Self-supervised Monocular Depth Estimation with Large Kernel Attention
This work addresses depth estimation for computer vision applications, but it is incremental as it builds on existing self-supervised methods with a novel decoder design.
The paper tackles the problem of self-supervised monocular depth estimation by addressing limitations in existing methods that use Transformers, which treat 2D features as 1D sequences and overlook channel features, leading to a network with a decoder based on large kernel attention to model long-distance dependencies while preserving 2D structure and channel adaptivity, achieving competitive results on the KITTI dataset.

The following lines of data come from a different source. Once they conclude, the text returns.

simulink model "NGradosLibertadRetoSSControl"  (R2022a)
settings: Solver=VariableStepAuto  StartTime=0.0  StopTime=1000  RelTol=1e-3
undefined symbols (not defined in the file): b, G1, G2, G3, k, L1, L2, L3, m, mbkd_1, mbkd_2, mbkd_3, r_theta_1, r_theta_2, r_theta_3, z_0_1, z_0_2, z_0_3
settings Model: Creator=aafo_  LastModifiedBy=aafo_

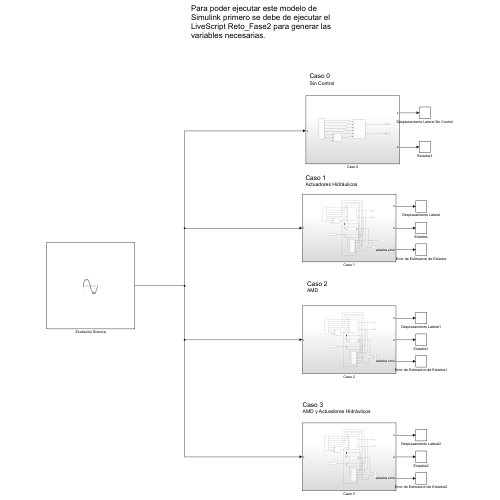
[thumbnail: Simulink's stored preview of the top-level diagram]
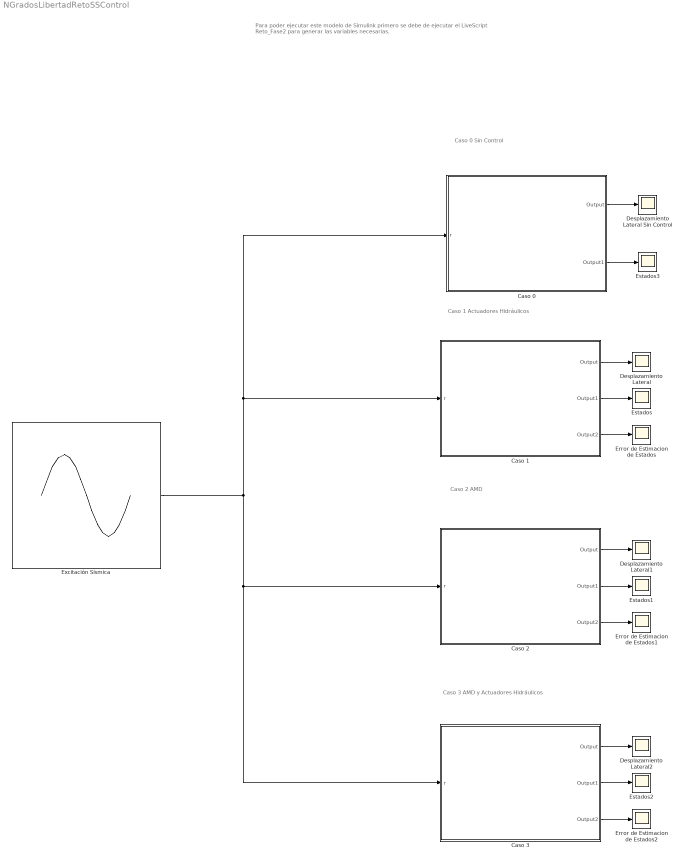
== system NGradosLibertadRetoSSControl ==
  note: Para poder ejecutar este modelo de Simulink primero se debe de ejecutar el LiveScript Reto_Fase2 para generar las variables necesarias.
  note: Caso 1
      | Actuadores Hidráulicos
  note: Caso 2
      | AMD
  note: Caso 3
      | AMD y Actuadores Hidráulicos
  note: Caso 0
      | Sin Control
  Caso 0 : Subsystem
  Caso 1 : Subsystem
  Caso 2 : Subsystem
  Caso 3 : Subsystem
  Desplazamiento Lateral : Scope
  Desplazamiento Lateral Sin Control : Scope
  Desplazamiento Lateral1 : Scope
  Desplazamiento Lateral2 : Scope
  Error de Estimacion de Estados : Scope
  Error de Estimacion de Estados1 : Scope
  Error de Estimacion de Estados2 : Scope
  Estados{,1..3} (4 alike) : Scope
  Excitación Sísmica : Sin  Frequency=14.6165  SampleTime=0
  wires:
  Caso 1/1(Output) -> Desplazamiento Lateral/1
  Caso 1/2(Output1) -> Estados/1
  Caso 1/3(Output2) -> Error de Estimacion de Estados/1
  Caso 2/1(Output) -> Desplazamiento Lateral1/1
  Caso 2/3(Output2) -> Error de Estimacion de Estados1/1
  Caso 2/2(Output1) -> Estados1/1
  Caso 3/2(Output1) -> Estados2/1
  Caso 3/3(Output2) -> Error de Estimacion de Estados2/1
  Caso 3/1(Output) -> Desplazamiento Lateral2/1
  Excitación Sísmica/1 -> Caso 0/1(r), Caso 1/1(r), Caso 3/1(r), Caso 2/1(r)
  Caso 0/2(Output1) -> Estados3/1
  Caso 0/1(Output) -> Desplazamiento Lateral Sin Control/1

== system NGradosLibertadRetoSSControl/Caso 0 ==
  note: Perturbación
  r : Inport
  Parámetros del Sistema : Subsystem
  Perturbacion Matricial : MATLAB Function  TreatAsAtomicUnit=on
  Sistema En Espacio de Estados : Subsystem
  Output : Outport
  Output1 : Outport  Port=2
  wires:
  Perturbacion Matricial/1(out) -> Sistema En Espacio de Estados/6(Perturbación)  "rm"
  Sistema En Espacio de Estados/2(Output6) -> Output1/1  "z"
  Sistema En Espacio de Estados/1(Output5) -> Output/1  "x"
  Parámetros del Sistema/5(Bu) -> Sistema En Espacio de Estados/5(Input4)
  Parámetros del Sistema/3(C) -> Sistema En Espacio de Estados/3(Input2)
  Parámetros del Sistema/1(A) -> Sistema En Espacio de Estados/1(Input)
  Parámetros del Sistema/2(Br) -> Sistema En Espacio de Estados/2(Input1)
  Parámetros del Sistema/7(Output1) -> Perturbacion Matricial/2(m)
  Parámetros del Sistema/4(D) -> Sistema En Espacio de Estados/4(Input3)
  Parámetros del Sistema/6(Output) -> Perturbacion Matricial/1(mbkd)
  r/1 -> Perturbacion Matricial/3(r)

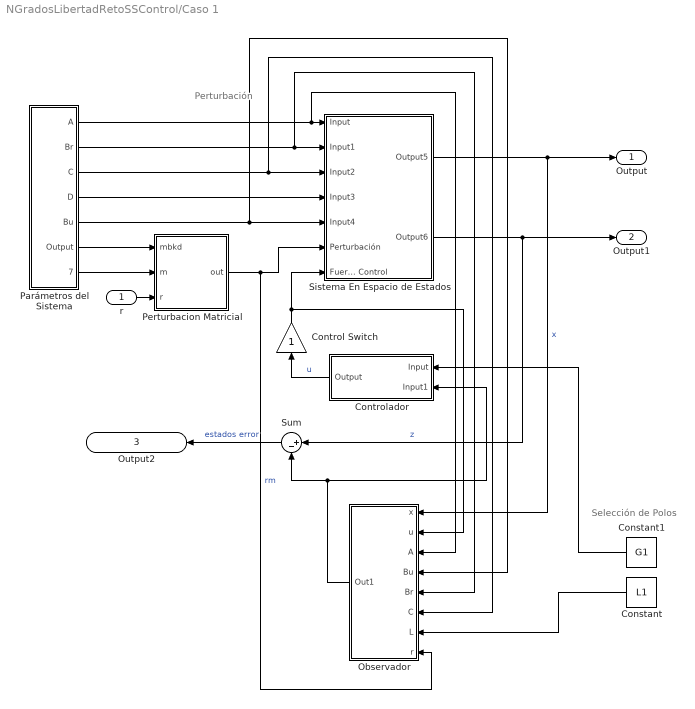
== system NGradosLibertadRetoSSControl/Caso 1 ==
  note: Selección de Polos
  note: Perturbación
  r : Inport
  Constant : Constant  Value=L1
  Constant1 : Constant  Value=G1
  Control Switch : Gain
  Controlador : Subsystem
  Observador : Subsystem
  Parámetros del Sistema : Subsystem
  Perturbacion Matricial : MATLAB Function  TreatAsAtomicUnit=on
  Sistema En Espacio de Estados : Subsystem
  Sum : Sum  Inputs=|+-
  Output : Outport
  Output1 : Outport  Port=2
  Output2 : Outport  Port=3
  wires:
  Observador/1(Out1) -> Controlador/2(Input1), Sum/2
  Sum/1 -> Output2/1  "estados error"
  Perturbacion Matricial/1(out) -> Sistema En Espacio de Estados/6(Perturbación), Observador/8(r)  "rm"
  Sistema En Espacio de Estados/2(Output6) -> Output1/1, Sum/1  "z"
  Sistema En Espacio de Estados/1(Output5) -> Output/1, Observador/1(x)  "x"
  Controlador/1(Output) -> Control Switch/1  "u"
  Parámetros del Sistema/5(Bu) -> Sistema En Espacio de Estados/5(Input4), Observador/4(Bu)
  Parámetros del Sistema/3(C) -> Sistema En Espacio de Estados/3(Input2), Observador/6(C)
  Constant1/1 -> Controlador/1(Input)
  Parámetros del Sistema/1(A) -> Observador/3(A), Sistema En Espacio de Estados/1(Input)
  Parámetros del Sistema/2(Br) -> Sistema En Espacio de Estados/2(Input1), Observador/5(Br)
  Constant/1 -> Observador/7(L)
  Parámetros del Sistema/7(Output1) -> Perturbacion Matricial/2(m)
  Parámetros del Sistema/4(D) -> Sistema En Espacio de Estados/4(Input3)
  Parámetros del Sistema/6(Output) -> Perturbacion Matricial/1(mbkd)
  r/1 -> Perturbacion Matricial/3(r)
  Control Switch/1 -> Sistema En Espacio de Estados/7(Fuerza De Control), Observador/2(u)

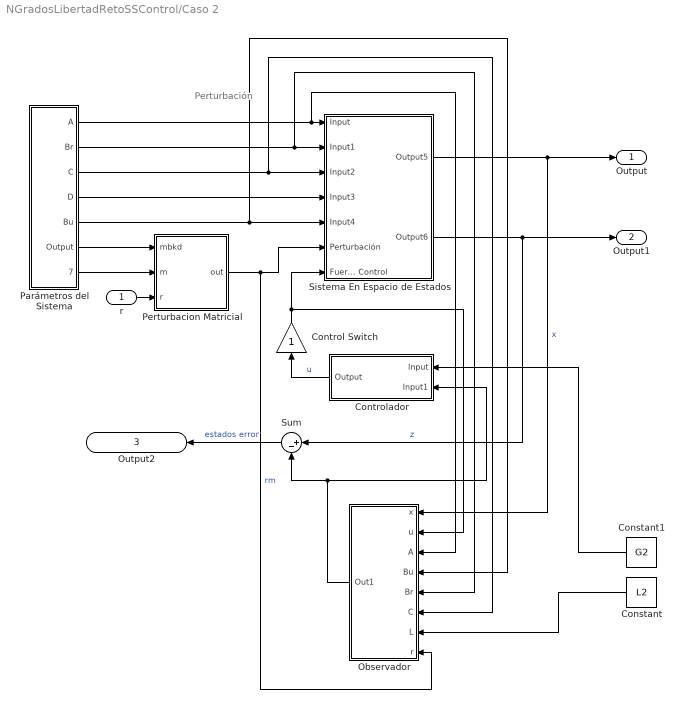
== system NGradosLibertadRetoSSControl/Caso 2 ==
  note: Perturbación
  r : Inport
  Constant : Constant  Value=L2
  Constant1 : Constant  Value=G2
  Control Switch : Gain
  Controlador : Subsystem
  Observador : Subsystem
  Parámetros del Sistema : Subsystem
  Perturbacion Matricial : MATLAB Function  TreatAsAtomicUnit=on
  Sistema En Espacio de Estados : Subsystem
  Sum : Sum  Inputs=|+-
  Output : Outport
  Output1 : Outport  Port=2
  Output2 : Outport  Port=3
  wires:
  Observador/1(Out1) -> Controlador/2(Input1), Sum/2
  Sum/1 -> Output2/1  "estados error"
  Perturbacion Matricial/1(out) -> Sistema En Espacio de Estados/6(Perturbación), Observador/8(r)  "rm"
  Sistema En Espacio de Estados/2(Output6) -> Output1/1, Sum/1  "z"
  Sistema En Espacio de Estados/1(Output5) -> Output/1, Observador/1(x)  "x"
  Controlador/1(Output) -> Control Switch/1  "u"
  Parámetros del Sistema/5(Bu) -> Sistema En Espacio de Estados/5(Input4), Observador/4(Bu)
  Parámetros del Sistema/3(C) -> Sistema En Espacio de Estados/3(Input2), Observador/6(C)
  Constant1/1 -> Controlador/1(Input)
  Parámetros del Sistema/1(A) -> Observador/3(A), Sistema En Espacio de Estados/1(Input)
  Parámetros del Sistema/2(Br) -> Sistema En Espacio de Estados/2(Input1), Observador/5(Br)
  Constant/1 -> Observador/7(L)
  Parámetros del Sistema/7(Output1) -> Perturbacion Matricial/2(m)
  Parámetros del Sistema/4(D) -> Sistema En Espacio de Estados/4(Input3)
  Parámetros del Sistema/6(Output) -> Perturbacion Matricial/1(mbkd)
  r/1 -> Perturbacion Matricial/3(r)
  Control Switch/1 -> Sistema En Espacio de Estados/7(Fuerza De Control), Observador/2(u)

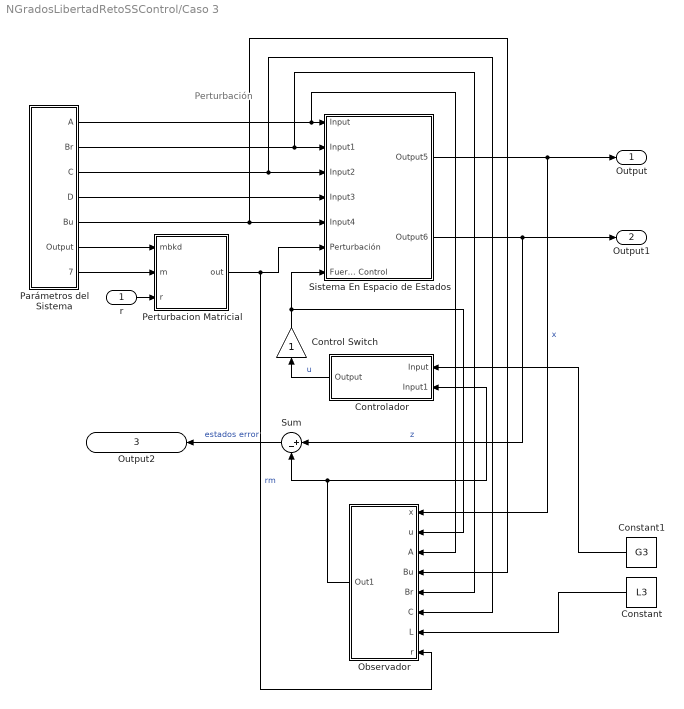
== system NGradosLibertadRetoSSControl/Caso 3 ==
  note: Perturbación
  r : Inport
  Constant : Constant  Value=L3
  Constant1 : Constant  Value=G3
  Control Switch : Gain
  Controlador : Subsystem
  Observador : Subsystem
  Parámetros del Sistema : Subsystem
  Perturbacion Matricial : MATLAB Function  TreatAsAtomicUnit=on
  Sistema En Espacio de Estados : Subsystem
  Sum : Sum  Inputs=|+-
  Output : Outport
  Output1 : Outport  Port=2
  Output2 : Outport  Port=3
  wires:
  Observador/1(Out1) -> Controlador/2(Input1), Sum/2
  Sum/1 -> Output2/1  "estados error"
  Perturbacion Matricial/1(out) -> Sistema En Espacio de Estados/6(Perturbación), Observador/8(r)  "rm"
  Sistema En Espacio de Estados/2(Output6) -> Output1/1, Sum/1  "z"
  Sistema En Espacio de Estados/1(Output5) -> Output/1, Observador/1(x)  "x"
  Controlador/1(Output) -> Control Switch/1  "u"
  Parámetros del Sistema/5(Bu) -> Sistema En Espacio de Estados/5(Input4), Observador/4(Bu)
  Parámetros del Sistema/3(C) -> Sistema En Espacio de Estados/3(Input2), Observador/6(C)
  Constant1/1 -> Controlador/1(Input)
  Parámetros del Sistema/1(A) -> Observador/3(A), Sistema En Espacio de Estados/1(Input)
  Parámetros del Sistema/2(Br) -> Sistema En Espacio de Estados/2(Input1), Observador/5(Br)
  Constant/1 -> Observador/7(L)
  Parámetros del Sistema/7(Output1) -> Perturbacion Matricial/2(m)
  Parámetros del Sistema/4(D) -> Sistema En Espacio de Estados/4(Input3)
  Parámetros del Sistema/6(Output) -> Perturbacion Matricial/1(mbkd)
  r/1 -> Perturbacion Matricial/3(r)
  Control Switch/1 -> Sistema En Espacio de Estados/7(Fuerza De Control), Observador/2(u)

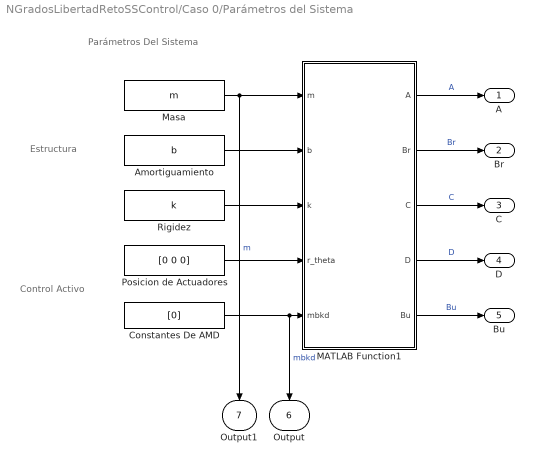
== system NGradosLibertadRetoSSControl/Caso 0/Parámetros del Sistema ==
  note: Control Activo
  note: Estructura
  note: Parámetros Del Sistema
  Amortiguamiento : Constant  Value=b
  Constantes De AMD : Constant  Value=[0]
  MATLAB Function1 : MATLAB Function  TreatAsAtomicUnit=on
  Masa : Constant  Value=m
  Posicion de Actuadores : Constant  Value=[0 0 0]
  Rigidez : Constant  Value=k
  A : Outport
  Br : Outport  Port=2
  C : Outport  Port=3
  D : Outport  Port=4
  Bu : Outport  Port=5
  Output : Outport  Port=6
  Output1 : Outport  Port=7
  wires:
  Masa/1 -> MATLAB Function1/1(m), Output1/1  "m"
  Constantes De AMD/1 -> MATLAB Function1/5(mbkd), Output/1  "mbkd"
  MATLAB Function1/1(A) -> A/1  "A"
  Amortiguamiento/1 -> MATLAB Function1/2(b)
  Rigidez/1 -> MATLAB Function1/3(k)
  Posicion de Actuadores/1 -> MATLAB Function1/4(r_theta)
  MATLAB Function1/2(Br) -> Br/1  "Br"
  MATLAB Function1/3(C) -> C/1  "C"
  MATLAB Function1/4(D) -> D/1  "D"
  MATLAB Function1/5(Bu) -> Bu/1  "Bu"

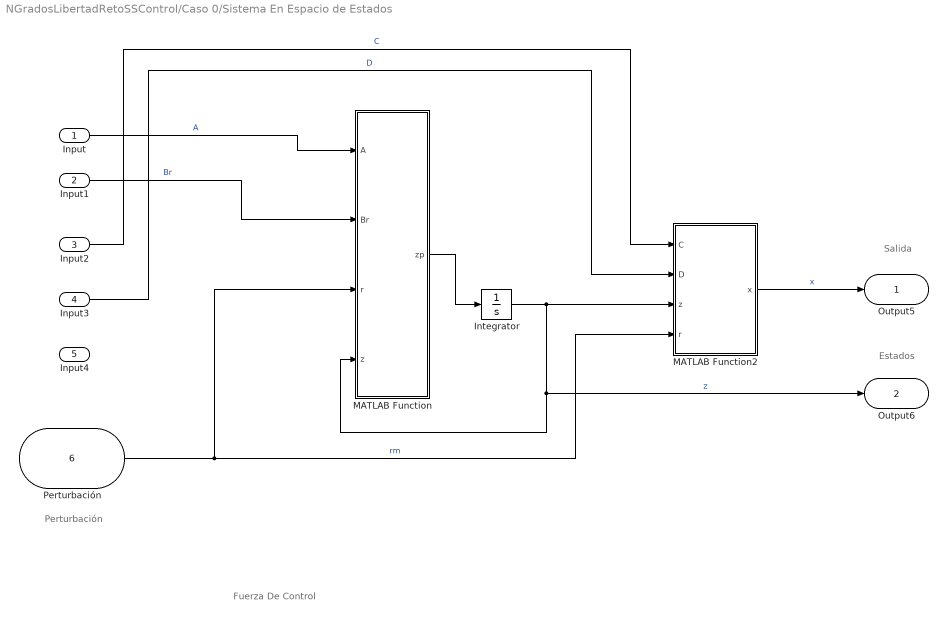
== system NGradosLibertadRetoSSControl/Caso 0/Sistema En Espacio de Estados ==
  note: Estados
  note: Fuerza De Control
  note: Perturbación
  note: Salida
  Input : Inport
  Input1 : Inport  Port=2
  Input2 : Inport  Port=3
  Input3 : Inport  Port=4
  Input4 : Inport  Port=5
  Perturbación : Inport  Port=6
  Integrator : Integrator  InitialCondition=z_0_1
  MATLAB Function : MATLAB Function  TreatAsAtomicUnit=on
  MATLAB Function2 : MATLAB Function  TreatAsAtomicUnit=on
  Output5 : Outport
  Output6 : Outport  Port=2
  wires:
  Integrator/1 -> MATLAB Function/4(z), Output6/1, MATLAB Function2/3(z)  "z"
  Input3/1 -> MATLAB Function2/2(D)  "D"
  Input1/1 -> MATLAB Function/2(Br)  "Br"
  Input/1 -> MATLAB Function/1(A)  "A"
  MATLAB Function/1(zp) -> Integrator/1
  Input2/1 -> MATLAB Function2/1(C)  "C"
  Perturbación/1 -> MATLAB Function2/4(r), MATLAB Function/3(r)  "rm"
  MATLAB Function2/1(x) -> Output5/1  "x"

== system NGradosLibertadRetoSSControl/Caso 1/Controlador ==
  Input : Inport
  Input1 : Inport  Port=2
  Gain : Gain  Gain=-1
  Matrix Multiply : Product  Multiplication=Matrix(*)
  Output : Outport
  wires:
  Input/1 -> Matrix Multiply/1  "G"
  Matrix Multiply/1 -> Gain/1
  Input1/1 -> Matrix Multiply/2  "z"
  Gain/1 -> Output/1  "u"

== system NGradosLibertadRetoSSControl/Caso 1/Observador ==
  x : Inport
  u : Inport  Port=2
  A : Inport  Port=3
  Bu : Inport  Port=4
  Br : Inport  Port=5
  C : Inport  Port=6
  L : Inport  Port=7
  r : Inport  Port=8
  Integrator : Integrator  InitialCondition=z_0_1
  MATLAB Function : MATLAB Function  TreatAsAtomicUnit=on
  Out1 : Outport
  wires:
  Bu/1 -> MATLAB Function/2(Bu)
  MATLAB Function/1(zp_est) -> Integrator/1  "zpest"
  Integrator/1 -> MATLAB Function/9(zest), Out1/1  "zest"
  L/1 -> MATLAB Function/5(L)
  A/1 -> MATLAB Function/1(A)
  Br/1 -> MATLAB Function/3(Br)
  C/1 -> MATLAB Function/4(C)
  r/1 -> MATLAB Function/7(r)
  u/1 -> MATLAB Function/6(u)
  x/1 -> MATLAB Function/8(x)

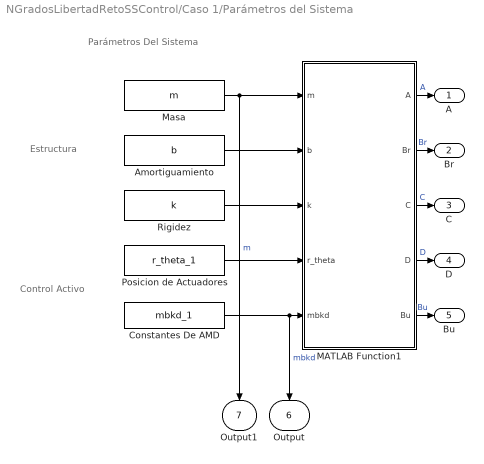
== system NGradosLibertadRetoSSControl/Caso 1/Parámetros del Sistema ==
  note: Control Activo
  note: Estructura
  note: Parámetros Del Sistema
  Amortiguamiento : Constant  Value=b
  Constantes De AMD : Constant  Value=mbkd_1
  MATLAB Function1 : MATLAB Function  TreatAsAtomicUnit=on
  Masa : Constant  Value=m
  Posicion de Actuadores : Constant  Value=r_theta_1
  Rigidez : Constant  Value=k
  A : Outport
  Br : Outport  Port=2
  C : Outport  Port=3
  D : Outport  Port=4
  Bu : Outport  Port=5
  Output : Outport  Port=6
  Output1 : Outport  Port=7
  wires:
  Masa/1 -> MATLAB Function1/1(m), Output1/1  "m"
  Constantes De AMD/1 -> MATLAB Function1/5(mbkd), Output/1  "mbkd"
  MATLAB Function1/1(A) -> A/1  "A"
  Amortiguamiento/1 -> MATLAB Function1/2(b)
  Rigidez/1 -> MATLAB Function1/3(k)
  Posicion de Actuadores/1 -> MATLAB Function1/4(r_theta)
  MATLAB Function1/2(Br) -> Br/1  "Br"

Self-supervised monocular depth estimation has emerged as a promising approach since it does not rely on labeled training data. Most methods combine convolution and Transformer to model long-distance dependencies to estimate depth accurately. However, Transformer treats 2D image features as 1D sequences, and positional encoding somewhat mitigates the loss of spatial information between different feature blocks, tending to overlook channel features, which limit the performance of depth estimation. In this paper, we propose a self-supervised monocular depth estimation network to get finer details. Specifically, we propose a decoder based on large kernel attention, which can model long-distance dependencies without compromising the two-dimension structure of features while maintaining feature channel adaptivity. In addition, we introduce a up-sampling module to accurately recover the fine details in the depth map. Our method achieves competitive results on the KITTI dataset.